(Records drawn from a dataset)
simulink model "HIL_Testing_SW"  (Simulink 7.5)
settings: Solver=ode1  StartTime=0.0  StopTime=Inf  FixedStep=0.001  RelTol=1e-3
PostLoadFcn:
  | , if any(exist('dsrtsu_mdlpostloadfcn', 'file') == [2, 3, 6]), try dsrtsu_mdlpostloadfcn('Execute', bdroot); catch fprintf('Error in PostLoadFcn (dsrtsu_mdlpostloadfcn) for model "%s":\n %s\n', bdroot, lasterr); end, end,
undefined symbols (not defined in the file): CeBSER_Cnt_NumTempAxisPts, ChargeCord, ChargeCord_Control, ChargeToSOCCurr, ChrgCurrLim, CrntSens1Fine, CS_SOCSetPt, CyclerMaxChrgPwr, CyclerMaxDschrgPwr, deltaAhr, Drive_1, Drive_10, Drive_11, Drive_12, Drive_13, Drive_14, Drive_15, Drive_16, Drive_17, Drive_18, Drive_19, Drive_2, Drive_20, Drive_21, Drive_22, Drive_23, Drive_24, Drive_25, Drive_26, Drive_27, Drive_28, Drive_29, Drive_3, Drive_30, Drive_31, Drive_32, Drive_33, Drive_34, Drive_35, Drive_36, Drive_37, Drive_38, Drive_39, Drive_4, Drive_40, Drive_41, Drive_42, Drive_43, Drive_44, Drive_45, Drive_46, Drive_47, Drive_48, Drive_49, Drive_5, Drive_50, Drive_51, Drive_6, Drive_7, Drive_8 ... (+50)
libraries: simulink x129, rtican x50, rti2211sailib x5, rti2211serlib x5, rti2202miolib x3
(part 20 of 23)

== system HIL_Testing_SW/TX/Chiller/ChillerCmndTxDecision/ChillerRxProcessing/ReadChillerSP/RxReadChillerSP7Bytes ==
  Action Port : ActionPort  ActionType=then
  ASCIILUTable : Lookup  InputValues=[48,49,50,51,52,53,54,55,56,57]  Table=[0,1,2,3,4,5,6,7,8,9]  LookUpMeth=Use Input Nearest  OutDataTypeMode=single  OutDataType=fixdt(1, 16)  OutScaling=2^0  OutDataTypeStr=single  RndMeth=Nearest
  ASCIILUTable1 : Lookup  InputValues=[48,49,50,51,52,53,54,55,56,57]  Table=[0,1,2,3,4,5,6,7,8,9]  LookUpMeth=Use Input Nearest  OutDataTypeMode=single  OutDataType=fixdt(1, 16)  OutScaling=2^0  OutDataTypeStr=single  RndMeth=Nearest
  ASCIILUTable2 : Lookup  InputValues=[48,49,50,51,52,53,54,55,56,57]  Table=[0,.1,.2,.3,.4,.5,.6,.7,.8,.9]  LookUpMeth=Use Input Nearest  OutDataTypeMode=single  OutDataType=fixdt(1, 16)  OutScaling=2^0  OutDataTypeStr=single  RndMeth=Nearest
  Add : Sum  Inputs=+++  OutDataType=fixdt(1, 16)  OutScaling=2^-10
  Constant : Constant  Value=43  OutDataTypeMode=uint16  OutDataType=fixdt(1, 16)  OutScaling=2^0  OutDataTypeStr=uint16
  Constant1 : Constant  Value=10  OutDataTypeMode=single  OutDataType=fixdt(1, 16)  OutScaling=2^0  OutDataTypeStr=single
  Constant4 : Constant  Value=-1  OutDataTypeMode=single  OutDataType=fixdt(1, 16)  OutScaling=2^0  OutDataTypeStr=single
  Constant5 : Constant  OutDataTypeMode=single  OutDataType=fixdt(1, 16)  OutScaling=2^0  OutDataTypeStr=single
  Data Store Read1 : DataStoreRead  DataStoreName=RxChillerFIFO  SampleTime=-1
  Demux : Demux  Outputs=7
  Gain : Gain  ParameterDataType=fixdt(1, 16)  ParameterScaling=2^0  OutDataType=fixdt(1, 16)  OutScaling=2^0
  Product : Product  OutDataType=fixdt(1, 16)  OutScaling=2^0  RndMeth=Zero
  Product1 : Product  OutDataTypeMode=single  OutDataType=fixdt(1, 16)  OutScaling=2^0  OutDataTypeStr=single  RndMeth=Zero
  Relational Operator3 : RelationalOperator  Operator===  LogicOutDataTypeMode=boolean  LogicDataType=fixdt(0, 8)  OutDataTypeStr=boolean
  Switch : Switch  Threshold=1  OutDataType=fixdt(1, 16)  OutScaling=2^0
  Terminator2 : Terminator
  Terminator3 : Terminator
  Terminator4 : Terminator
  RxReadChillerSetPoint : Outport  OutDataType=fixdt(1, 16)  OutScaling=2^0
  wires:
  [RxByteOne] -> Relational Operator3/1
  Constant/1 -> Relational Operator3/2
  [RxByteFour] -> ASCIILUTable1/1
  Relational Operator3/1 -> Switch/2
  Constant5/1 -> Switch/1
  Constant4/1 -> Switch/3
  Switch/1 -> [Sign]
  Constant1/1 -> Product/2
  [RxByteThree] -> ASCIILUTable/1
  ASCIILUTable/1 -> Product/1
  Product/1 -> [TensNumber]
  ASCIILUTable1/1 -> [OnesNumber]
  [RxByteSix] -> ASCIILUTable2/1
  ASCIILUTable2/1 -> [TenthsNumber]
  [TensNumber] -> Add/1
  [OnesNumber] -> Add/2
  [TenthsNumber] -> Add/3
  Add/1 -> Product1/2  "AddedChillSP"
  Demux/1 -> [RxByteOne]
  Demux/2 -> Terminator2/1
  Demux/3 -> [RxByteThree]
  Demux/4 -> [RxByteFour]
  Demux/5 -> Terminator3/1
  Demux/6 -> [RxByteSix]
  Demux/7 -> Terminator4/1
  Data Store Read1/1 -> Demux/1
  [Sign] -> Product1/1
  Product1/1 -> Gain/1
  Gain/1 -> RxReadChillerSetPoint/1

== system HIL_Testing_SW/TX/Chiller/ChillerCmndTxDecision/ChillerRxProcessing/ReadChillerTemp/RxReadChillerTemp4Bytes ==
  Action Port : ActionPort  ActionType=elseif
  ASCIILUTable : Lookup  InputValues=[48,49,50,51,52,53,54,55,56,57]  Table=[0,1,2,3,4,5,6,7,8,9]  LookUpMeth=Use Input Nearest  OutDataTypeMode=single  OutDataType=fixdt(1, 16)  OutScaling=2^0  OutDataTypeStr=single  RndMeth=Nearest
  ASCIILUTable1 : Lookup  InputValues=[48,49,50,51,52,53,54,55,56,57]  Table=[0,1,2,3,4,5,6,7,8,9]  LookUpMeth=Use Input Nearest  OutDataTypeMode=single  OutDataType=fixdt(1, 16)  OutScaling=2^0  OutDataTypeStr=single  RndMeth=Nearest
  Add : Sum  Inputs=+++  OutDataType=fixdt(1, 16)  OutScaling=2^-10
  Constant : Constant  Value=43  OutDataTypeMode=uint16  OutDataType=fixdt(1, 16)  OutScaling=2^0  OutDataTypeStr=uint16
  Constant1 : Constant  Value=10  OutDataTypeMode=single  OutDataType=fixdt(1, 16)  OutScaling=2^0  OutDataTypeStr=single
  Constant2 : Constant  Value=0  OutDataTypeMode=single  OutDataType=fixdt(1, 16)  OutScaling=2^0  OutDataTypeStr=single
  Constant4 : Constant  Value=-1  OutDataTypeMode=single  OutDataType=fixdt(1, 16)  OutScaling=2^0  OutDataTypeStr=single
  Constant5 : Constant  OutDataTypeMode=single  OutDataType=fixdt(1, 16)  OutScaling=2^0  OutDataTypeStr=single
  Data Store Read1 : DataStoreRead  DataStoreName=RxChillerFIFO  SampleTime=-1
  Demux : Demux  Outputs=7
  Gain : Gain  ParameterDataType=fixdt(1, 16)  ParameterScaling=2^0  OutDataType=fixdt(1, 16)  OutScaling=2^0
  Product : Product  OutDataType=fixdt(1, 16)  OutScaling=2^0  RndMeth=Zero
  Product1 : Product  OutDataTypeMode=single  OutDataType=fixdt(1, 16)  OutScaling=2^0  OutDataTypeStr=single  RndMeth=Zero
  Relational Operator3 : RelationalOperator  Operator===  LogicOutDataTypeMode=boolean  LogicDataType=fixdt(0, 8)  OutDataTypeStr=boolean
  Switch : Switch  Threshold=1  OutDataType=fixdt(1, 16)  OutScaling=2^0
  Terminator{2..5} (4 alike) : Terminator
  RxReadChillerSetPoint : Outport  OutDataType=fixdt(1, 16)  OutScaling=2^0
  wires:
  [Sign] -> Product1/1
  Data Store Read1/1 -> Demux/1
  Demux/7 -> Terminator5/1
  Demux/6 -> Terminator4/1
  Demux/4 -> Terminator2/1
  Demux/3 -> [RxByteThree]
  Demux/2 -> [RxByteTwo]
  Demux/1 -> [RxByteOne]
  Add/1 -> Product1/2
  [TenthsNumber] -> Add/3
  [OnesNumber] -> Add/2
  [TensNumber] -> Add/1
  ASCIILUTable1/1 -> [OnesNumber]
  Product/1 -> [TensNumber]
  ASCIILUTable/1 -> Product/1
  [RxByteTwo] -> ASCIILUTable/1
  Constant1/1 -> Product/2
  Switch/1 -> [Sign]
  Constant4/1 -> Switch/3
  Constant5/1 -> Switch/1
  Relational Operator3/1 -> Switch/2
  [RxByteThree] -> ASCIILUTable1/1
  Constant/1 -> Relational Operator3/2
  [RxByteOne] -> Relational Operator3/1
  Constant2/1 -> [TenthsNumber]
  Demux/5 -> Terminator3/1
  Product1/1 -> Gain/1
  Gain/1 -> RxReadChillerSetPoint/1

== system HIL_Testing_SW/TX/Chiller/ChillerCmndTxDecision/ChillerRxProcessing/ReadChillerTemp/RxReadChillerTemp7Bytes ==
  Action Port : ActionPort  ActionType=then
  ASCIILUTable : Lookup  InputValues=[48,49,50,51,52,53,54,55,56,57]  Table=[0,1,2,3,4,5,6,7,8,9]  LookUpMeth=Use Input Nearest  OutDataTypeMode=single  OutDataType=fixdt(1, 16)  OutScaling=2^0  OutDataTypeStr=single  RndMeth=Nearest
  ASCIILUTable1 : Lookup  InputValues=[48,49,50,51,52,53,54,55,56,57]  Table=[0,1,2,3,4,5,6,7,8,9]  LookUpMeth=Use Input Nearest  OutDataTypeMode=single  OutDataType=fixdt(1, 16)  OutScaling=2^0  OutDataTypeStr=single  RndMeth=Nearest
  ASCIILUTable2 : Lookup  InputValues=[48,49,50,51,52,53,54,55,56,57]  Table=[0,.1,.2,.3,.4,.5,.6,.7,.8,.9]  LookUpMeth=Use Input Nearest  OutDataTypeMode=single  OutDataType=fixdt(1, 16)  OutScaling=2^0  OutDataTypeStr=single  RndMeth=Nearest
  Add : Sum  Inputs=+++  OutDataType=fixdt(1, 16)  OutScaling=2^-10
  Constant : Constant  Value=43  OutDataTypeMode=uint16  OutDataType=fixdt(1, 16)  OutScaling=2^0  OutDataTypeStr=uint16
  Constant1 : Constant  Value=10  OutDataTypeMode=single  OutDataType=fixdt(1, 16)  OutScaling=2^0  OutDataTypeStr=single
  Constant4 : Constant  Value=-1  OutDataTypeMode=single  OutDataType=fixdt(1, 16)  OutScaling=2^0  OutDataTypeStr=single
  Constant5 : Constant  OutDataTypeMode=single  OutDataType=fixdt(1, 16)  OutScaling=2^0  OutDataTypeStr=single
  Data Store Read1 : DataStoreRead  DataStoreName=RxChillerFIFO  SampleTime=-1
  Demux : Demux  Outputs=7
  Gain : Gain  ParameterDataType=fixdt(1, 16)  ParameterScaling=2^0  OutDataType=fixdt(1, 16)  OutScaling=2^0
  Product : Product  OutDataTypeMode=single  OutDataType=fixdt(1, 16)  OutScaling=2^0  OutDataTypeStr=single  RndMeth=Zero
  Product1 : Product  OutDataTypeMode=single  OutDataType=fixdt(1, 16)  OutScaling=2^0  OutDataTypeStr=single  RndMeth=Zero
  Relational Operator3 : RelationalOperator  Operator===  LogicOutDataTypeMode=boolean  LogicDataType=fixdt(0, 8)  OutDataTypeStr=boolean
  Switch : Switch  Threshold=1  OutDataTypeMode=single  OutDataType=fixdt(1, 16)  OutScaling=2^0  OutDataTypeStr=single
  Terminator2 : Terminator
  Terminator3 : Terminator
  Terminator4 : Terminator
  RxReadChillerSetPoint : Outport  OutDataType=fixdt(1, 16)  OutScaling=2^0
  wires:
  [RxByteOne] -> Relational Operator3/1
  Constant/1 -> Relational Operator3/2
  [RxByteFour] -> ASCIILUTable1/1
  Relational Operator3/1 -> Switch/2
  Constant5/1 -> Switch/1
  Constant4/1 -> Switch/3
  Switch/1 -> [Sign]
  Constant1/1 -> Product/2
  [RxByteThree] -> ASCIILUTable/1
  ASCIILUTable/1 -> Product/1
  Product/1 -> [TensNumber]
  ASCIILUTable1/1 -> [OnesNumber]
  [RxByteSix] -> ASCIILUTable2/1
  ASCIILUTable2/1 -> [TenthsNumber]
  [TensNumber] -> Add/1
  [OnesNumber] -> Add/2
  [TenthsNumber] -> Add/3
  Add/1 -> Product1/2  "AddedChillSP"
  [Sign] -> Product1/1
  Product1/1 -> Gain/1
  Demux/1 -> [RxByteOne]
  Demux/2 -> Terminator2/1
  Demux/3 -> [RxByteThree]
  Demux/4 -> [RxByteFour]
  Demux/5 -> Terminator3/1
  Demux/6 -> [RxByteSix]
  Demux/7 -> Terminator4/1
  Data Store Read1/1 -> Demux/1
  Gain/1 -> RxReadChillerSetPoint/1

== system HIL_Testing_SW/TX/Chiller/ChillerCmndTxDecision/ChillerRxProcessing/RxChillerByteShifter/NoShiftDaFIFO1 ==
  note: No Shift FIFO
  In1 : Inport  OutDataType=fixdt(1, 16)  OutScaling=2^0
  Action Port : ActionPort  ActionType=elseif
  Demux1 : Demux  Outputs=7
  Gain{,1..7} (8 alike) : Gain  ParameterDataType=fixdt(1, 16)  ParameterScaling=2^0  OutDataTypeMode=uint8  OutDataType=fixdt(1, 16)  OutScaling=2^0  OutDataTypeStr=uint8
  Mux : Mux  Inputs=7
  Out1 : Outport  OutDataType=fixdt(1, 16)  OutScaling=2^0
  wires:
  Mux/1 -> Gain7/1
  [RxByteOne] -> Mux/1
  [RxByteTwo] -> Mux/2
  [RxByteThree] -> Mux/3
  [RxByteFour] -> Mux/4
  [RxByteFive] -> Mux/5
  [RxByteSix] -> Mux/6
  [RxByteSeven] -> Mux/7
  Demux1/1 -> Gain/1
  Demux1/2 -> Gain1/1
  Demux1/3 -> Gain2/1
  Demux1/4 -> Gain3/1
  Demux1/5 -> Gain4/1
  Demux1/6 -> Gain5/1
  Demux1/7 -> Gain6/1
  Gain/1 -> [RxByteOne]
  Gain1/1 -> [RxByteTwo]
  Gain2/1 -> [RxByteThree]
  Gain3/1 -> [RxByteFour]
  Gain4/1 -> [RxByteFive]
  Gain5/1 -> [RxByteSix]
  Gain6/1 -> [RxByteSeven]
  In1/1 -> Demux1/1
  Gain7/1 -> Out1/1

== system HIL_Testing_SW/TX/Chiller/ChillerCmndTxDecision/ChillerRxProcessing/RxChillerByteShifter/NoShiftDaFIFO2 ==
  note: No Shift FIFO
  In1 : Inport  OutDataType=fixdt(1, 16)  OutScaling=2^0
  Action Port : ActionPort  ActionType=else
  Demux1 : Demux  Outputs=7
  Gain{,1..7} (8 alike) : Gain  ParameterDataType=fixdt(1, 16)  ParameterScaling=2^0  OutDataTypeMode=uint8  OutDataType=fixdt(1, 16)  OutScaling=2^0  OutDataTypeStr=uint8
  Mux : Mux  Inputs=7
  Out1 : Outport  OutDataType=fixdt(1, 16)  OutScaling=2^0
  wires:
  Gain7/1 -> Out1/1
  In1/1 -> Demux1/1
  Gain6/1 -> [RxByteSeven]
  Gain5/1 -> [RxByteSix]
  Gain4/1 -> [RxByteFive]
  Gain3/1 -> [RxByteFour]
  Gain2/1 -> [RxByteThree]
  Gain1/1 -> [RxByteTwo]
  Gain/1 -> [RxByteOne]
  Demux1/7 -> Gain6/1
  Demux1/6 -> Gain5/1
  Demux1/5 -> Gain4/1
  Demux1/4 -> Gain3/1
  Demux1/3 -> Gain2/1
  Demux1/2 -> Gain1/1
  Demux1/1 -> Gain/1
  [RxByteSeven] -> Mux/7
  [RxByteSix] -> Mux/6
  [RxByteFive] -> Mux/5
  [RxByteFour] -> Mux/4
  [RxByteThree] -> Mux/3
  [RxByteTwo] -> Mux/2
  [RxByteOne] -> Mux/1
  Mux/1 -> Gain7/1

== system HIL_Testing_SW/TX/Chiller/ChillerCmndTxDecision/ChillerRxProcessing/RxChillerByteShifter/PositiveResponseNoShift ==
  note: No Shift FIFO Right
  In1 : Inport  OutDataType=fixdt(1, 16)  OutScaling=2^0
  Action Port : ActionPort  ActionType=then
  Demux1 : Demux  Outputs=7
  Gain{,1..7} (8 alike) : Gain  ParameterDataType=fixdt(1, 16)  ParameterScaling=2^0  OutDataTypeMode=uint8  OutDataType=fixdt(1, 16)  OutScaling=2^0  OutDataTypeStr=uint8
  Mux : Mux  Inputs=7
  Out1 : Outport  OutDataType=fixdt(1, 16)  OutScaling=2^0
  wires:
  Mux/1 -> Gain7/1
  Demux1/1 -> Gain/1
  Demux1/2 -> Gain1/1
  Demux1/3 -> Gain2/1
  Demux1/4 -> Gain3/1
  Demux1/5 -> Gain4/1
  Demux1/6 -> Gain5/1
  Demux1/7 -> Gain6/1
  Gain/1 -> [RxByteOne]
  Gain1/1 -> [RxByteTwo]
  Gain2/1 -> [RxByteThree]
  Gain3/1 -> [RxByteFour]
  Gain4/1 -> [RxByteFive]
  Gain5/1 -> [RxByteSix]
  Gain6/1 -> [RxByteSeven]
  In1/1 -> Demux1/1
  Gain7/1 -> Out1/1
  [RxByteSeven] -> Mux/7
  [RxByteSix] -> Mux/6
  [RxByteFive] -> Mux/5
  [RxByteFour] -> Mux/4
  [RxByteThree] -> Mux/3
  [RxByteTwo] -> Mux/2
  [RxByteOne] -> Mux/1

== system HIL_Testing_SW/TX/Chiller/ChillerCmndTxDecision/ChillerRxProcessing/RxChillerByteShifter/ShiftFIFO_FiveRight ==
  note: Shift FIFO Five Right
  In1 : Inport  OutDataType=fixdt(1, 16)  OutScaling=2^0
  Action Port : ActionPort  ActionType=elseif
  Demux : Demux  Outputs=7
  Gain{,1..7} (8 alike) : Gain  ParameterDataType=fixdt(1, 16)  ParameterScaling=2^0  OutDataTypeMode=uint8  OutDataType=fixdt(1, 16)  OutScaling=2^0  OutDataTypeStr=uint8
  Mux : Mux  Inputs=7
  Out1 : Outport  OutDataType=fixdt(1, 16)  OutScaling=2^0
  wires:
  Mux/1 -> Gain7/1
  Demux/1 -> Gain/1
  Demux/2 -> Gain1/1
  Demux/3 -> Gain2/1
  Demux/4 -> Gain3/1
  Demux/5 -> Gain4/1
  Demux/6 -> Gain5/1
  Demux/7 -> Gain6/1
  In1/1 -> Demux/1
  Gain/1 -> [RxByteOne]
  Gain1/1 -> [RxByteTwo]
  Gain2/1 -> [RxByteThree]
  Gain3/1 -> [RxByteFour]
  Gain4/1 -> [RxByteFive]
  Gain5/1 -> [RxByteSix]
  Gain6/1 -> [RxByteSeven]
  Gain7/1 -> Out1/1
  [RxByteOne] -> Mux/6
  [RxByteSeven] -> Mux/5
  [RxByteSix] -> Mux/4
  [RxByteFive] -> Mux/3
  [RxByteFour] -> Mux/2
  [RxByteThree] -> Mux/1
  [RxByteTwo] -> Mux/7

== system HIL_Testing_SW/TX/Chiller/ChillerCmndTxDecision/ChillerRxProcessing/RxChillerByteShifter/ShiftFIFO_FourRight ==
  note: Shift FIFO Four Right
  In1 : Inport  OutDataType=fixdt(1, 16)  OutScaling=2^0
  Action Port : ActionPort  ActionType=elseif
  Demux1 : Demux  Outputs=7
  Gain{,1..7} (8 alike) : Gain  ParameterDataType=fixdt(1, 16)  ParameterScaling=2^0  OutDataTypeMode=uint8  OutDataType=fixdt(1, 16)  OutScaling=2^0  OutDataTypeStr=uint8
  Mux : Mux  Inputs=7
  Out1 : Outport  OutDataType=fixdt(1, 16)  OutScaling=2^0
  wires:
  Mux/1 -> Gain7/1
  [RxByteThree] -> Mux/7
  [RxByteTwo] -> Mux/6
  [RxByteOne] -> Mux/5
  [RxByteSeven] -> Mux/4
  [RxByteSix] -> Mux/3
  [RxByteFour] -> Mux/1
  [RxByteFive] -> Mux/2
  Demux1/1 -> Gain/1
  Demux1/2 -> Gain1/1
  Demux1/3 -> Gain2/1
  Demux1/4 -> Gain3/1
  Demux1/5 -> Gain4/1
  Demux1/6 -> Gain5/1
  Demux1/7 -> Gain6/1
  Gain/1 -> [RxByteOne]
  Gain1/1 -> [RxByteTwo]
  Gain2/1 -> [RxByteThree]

### Your goal
The first line of the entries, the line with "if any(exist('dsrtsu_mdlpostloadfcn', 'file')", and every line between them should be retyped exactly, and nothing else.

### Output of the exercise
simulink model "HIL_Testing_SW"  (Simulink 7.5)
settings: Solver=ode1  StartTime=0.0  StopTime=Inf  FixedStep=0.001  RelTol=1e-3
PostLoadFcn:
  | , if any(exist('dsrtsu_mdlpostloadfcn', 'file') == [2, 3, 6]), try dsrtsu_mdlpostloadfcn('Execute', bdroot); catch fprintf('Error in PostLoadFcn (dsrtsu_mdlpostloadfcn) for model "%s":\n %s\n', bdroot, lasterr); end, end,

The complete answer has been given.